TASK DIRECTIONS
Write out exactly the lines below that run from the one containing "Created: 2023-04-13" through the one containing "Autodesk Inventor part; units mm, degrees", both included, with no other lines.
————
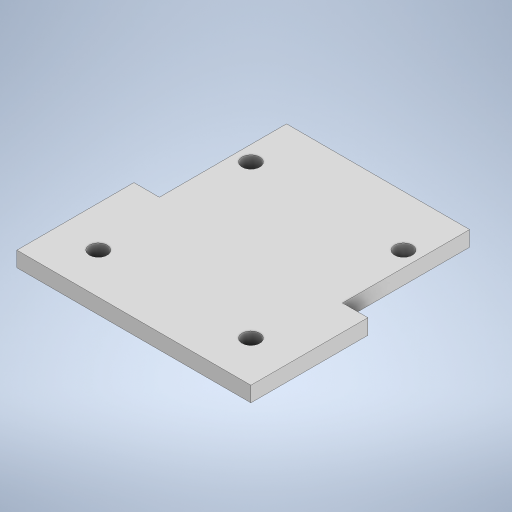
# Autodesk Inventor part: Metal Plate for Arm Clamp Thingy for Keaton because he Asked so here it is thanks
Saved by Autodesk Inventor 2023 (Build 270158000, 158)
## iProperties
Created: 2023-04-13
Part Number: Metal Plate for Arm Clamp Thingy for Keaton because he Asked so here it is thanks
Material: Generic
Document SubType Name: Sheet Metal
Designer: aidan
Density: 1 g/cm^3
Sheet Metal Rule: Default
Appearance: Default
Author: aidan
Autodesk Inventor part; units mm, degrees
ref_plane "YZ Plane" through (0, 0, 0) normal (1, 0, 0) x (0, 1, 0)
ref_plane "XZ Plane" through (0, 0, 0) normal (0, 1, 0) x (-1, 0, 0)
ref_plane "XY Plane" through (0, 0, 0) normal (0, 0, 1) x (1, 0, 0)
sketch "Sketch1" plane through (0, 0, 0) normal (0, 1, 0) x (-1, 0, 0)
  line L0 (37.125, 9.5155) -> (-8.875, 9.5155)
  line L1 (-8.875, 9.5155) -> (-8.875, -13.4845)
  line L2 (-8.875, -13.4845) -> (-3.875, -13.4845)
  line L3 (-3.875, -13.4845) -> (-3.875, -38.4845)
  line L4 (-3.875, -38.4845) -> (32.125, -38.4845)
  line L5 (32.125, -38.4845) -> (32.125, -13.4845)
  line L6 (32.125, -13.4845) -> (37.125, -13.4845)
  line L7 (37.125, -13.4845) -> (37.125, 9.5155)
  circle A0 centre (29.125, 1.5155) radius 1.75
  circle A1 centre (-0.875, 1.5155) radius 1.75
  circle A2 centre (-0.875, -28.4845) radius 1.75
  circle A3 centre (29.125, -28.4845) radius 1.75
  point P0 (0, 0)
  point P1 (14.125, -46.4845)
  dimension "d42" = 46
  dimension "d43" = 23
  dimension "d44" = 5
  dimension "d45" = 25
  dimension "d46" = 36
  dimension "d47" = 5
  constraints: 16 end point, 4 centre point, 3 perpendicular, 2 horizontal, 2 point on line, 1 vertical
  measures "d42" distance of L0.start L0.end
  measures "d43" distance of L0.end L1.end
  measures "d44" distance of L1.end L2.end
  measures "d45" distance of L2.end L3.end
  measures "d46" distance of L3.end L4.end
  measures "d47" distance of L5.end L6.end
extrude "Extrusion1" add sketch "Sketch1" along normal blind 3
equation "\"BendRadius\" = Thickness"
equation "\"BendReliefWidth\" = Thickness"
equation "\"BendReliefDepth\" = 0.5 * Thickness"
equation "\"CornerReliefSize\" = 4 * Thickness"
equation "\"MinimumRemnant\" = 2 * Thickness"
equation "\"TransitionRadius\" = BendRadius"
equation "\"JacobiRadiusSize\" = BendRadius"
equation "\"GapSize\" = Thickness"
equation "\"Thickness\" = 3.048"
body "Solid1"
————
RESULT OF THIS TASK
Created: 2023-04-13
Part Number: Metal Plate for Arm Clamp Thingy for Keaton because he Asked so here it is thanks
Material: Generic
Document SubType Name: Sheet Metal
Designer: aidan
Density: 1 g/cm^3
Sheet Metal Rule: Default
Appearance: Default
Author: aidan
Autodesk Inventor part; units mm, degrees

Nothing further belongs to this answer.